■ To do ■
Return, word for word, only the lines of the data below that lie between the line with "line L12 (-58.75, 15.5)" and the line with "line L27 (60.2425, -9.9925)", those two lines included.

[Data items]
>>>

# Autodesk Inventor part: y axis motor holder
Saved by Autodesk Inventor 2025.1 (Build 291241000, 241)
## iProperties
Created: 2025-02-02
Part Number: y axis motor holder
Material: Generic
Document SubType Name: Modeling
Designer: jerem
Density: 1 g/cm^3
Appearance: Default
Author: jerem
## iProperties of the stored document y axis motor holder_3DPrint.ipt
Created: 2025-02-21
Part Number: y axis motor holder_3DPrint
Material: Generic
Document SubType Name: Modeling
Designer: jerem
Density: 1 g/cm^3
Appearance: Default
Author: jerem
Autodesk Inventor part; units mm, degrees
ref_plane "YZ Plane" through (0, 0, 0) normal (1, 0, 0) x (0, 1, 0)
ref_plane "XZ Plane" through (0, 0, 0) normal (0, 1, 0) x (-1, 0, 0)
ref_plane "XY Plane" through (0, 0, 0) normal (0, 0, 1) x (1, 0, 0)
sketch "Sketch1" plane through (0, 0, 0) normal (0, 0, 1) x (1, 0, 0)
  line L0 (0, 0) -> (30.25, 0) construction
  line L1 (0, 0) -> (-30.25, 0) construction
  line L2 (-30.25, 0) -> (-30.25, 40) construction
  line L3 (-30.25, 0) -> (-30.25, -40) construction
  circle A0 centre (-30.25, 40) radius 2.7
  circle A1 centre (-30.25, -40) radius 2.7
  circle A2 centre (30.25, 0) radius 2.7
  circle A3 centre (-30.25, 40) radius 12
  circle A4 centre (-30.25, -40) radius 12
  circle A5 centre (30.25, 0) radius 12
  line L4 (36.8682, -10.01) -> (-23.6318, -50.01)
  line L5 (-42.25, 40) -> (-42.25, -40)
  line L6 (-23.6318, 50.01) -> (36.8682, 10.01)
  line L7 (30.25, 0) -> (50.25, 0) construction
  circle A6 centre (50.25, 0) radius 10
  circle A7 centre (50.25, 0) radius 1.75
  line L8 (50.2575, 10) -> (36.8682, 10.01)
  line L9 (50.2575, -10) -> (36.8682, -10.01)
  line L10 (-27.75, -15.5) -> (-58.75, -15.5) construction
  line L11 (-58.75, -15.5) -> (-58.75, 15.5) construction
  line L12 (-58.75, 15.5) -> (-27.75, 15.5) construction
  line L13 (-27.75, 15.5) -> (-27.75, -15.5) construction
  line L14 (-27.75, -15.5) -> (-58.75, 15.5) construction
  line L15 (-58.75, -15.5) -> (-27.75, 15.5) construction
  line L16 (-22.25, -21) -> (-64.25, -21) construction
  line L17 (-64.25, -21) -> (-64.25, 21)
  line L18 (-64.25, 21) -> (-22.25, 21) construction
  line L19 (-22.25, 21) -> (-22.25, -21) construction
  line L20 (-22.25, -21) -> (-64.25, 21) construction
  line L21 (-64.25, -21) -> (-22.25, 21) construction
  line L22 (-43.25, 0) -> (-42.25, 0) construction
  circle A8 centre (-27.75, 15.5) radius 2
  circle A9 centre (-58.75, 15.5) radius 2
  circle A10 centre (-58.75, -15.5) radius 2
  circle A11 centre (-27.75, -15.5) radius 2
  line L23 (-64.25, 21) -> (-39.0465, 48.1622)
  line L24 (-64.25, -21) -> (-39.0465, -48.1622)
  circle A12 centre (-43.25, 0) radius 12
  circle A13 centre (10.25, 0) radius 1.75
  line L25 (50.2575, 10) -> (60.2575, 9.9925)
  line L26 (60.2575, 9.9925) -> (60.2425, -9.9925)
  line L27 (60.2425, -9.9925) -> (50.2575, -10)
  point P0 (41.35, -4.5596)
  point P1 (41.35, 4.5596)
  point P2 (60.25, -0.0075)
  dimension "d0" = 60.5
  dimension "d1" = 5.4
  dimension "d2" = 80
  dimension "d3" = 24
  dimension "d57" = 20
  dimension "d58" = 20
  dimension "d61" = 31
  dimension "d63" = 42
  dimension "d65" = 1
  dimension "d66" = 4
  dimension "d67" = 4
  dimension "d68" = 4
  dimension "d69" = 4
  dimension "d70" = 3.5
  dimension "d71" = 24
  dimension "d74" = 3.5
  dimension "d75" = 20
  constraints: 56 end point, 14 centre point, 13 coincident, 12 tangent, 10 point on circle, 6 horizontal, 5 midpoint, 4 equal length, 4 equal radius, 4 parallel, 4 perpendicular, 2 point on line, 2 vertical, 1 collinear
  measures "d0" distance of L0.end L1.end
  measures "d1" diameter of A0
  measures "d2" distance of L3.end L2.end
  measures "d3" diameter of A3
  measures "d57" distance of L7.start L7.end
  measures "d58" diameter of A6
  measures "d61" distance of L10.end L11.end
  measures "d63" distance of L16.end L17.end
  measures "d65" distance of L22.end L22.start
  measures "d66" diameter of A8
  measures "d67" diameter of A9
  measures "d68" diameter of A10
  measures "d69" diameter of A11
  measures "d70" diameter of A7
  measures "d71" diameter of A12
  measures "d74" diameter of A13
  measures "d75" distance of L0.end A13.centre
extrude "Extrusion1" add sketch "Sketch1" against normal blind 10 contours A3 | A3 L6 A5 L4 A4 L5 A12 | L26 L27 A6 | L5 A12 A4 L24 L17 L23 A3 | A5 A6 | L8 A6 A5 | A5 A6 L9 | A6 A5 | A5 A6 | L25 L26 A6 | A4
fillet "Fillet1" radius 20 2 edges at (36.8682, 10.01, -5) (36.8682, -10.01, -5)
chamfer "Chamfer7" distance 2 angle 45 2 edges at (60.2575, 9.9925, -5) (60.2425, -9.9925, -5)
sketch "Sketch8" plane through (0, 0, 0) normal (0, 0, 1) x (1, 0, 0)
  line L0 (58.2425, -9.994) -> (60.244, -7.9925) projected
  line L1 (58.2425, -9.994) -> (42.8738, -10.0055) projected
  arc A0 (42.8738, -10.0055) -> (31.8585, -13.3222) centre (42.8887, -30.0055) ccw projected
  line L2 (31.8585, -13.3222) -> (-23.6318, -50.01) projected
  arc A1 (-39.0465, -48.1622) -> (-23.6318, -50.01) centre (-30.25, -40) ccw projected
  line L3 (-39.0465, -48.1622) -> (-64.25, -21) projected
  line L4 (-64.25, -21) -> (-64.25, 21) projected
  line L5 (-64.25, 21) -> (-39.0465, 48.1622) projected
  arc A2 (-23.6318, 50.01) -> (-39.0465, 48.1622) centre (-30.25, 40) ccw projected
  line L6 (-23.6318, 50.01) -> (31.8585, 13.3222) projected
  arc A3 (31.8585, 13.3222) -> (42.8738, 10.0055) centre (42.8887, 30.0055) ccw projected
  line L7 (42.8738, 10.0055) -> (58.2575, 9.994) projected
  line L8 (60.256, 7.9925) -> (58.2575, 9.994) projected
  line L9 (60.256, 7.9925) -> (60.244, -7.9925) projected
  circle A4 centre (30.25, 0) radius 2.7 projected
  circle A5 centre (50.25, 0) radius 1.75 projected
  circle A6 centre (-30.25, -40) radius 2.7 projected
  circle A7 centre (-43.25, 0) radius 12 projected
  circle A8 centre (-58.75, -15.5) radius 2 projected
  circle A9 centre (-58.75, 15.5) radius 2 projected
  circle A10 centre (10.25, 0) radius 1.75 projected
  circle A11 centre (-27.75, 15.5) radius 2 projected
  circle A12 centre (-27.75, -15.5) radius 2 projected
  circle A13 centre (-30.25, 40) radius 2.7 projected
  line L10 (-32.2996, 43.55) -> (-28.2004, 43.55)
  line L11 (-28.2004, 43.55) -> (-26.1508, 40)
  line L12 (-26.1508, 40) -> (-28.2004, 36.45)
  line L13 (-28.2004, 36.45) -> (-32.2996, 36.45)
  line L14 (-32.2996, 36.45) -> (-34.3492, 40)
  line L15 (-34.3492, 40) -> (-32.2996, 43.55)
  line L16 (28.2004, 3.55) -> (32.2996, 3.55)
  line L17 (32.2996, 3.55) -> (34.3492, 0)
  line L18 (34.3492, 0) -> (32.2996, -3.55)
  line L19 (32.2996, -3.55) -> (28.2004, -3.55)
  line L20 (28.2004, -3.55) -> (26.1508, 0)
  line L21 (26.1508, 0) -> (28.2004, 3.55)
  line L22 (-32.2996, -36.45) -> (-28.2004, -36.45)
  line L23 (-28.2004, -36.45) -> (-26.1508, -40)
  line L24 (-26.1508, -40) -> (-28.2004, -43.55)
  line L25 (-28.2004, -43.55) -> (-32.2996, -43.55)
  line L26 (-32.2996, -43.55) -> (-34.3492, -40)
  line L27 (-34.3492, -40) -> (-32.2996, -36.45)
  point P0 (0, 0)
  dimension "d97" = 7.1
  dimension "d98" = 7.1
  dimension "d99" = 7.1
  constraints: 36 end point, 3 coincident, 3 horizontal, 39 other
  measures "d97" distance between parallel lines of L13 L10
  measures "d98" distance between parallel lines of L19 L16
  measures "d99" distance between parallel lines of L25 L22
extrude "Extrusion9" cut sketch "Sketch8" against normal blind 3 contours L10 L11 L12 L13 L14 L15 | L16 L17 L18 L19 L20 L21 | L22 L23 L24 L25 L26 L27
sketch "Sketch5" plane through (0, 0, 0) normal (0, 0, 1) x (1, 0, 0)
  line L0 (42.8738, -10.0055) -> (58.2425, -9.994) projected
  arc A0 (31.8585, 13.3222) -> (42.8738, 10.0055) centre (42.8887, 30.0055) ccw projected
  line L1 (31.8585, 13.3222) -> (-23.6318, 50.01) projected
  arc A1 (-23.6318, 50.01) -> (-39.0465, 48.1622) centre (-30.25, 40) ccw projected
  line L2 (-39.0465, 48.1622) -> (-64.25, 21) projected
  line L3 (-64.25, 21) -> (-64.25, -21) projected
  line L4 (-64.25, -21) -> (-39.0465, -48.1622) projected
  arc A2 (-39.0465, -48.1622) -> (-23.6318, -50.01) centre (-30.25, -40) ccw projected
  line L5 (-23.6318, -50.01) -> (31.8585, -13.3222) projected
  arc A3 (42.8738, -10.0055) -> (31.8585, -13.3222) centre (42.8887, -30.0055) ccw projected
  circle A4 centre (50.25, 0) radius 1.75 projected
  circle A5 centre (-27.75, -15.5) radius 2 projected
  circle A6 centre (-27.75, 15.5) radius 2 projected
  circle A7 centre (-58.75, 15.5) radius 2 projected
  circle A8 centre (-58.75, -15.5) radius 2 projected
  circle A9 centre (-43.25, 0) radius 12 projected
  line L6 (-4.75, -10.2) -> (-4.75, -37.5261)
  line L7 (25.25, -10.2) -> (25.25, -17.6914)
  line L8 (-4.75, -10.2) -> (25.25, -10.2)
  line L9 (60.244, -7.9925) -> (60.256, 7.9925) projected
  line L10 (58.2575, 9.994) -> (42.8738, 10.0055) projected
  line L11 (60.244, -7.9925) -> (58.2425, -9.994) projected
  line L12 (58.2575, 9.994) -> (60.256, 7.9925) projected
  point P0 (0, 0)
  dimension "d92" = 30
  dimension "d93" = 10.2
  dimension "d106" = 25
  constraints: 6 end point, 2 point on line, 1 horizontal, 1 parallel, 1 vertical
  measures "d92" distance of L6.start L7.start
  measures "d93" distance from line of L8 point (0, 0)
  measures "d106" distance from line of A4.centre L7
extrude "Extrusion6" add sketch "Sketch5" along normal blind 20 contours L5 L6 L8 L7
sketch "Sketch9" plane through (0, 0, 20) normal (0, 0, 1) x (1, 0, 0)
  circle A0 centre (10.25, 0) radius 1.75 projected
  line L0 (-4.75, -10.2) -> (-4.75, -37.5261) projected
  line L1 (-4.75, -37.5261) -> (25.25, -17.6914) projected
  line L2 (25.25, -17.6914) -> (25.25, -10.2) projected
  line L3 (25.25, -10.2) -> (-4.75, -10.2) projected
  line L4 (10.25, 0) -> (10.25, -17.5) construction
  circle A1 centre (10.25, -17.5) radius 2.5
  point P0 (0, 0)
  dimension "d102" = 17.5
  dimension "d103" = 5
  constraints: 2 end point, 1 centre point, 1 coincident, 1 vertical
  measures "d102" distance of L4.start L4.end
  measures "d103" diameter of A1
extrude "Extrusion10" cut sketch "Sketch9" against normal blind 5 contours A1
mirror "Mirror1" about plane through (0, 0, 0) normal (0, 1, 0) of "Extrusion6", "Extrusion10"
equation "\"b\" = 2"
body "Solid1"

<<<

■ Result ■
  line L12 (-58.75, 15.5) -> (-27.75, 15.5) construction
  line L13 (-27.75, 15.5) -> (-27.75, -15.5) construction
  line L14 (-27.75, -15.5) -> (-58.75, 15.5) construction
  line L15 (-58.75, -15.5) -> (-27.75, 15.5) construction
  line L16 (-22.25, -21) -> (-64.25, -21) construction
  line L17 (-64.25, -21) -> (-64.25, 21)
  line L18 (-64.25, 21) -> (-22.25, 21) construction
  line L19 (-22.25, 21) -> (-22.25, -21) construction
  line L20 (-22.25, -21) -> (-64.25, 21) construction
  line L21 (-64.25, -21) -> (-22.25, 21) construction
  line L22 (-43.25, 0) -> (-42.25, 0) construction
  circle A8 centre (-27.75, 15.5) radius 2
  circle A9 centre (-58.75, 15.5) radius 2
  circle A10 centre (-58.75, -15.5) radius 2
  circle A11 centre (-27.75, -15.5) radius 2
  line L23 (-64.25, 21) -> (-39.0465, 48.1622)
  line L24 (-64.25, -21) -> (-39.0465, -48.1622)
  circle A12 centre (-43.25, 0) radius 12
  circle A13 centre (10.25, 0) radius 1.75
  line L25 (50.2575, 10) -> (60.2575, 9.9925)
  line L26 (60.2575, 9.9925) -> (60.2425, -9.9925)
  line L27 (60.2425, -9.9925) -> (50.2575, -10)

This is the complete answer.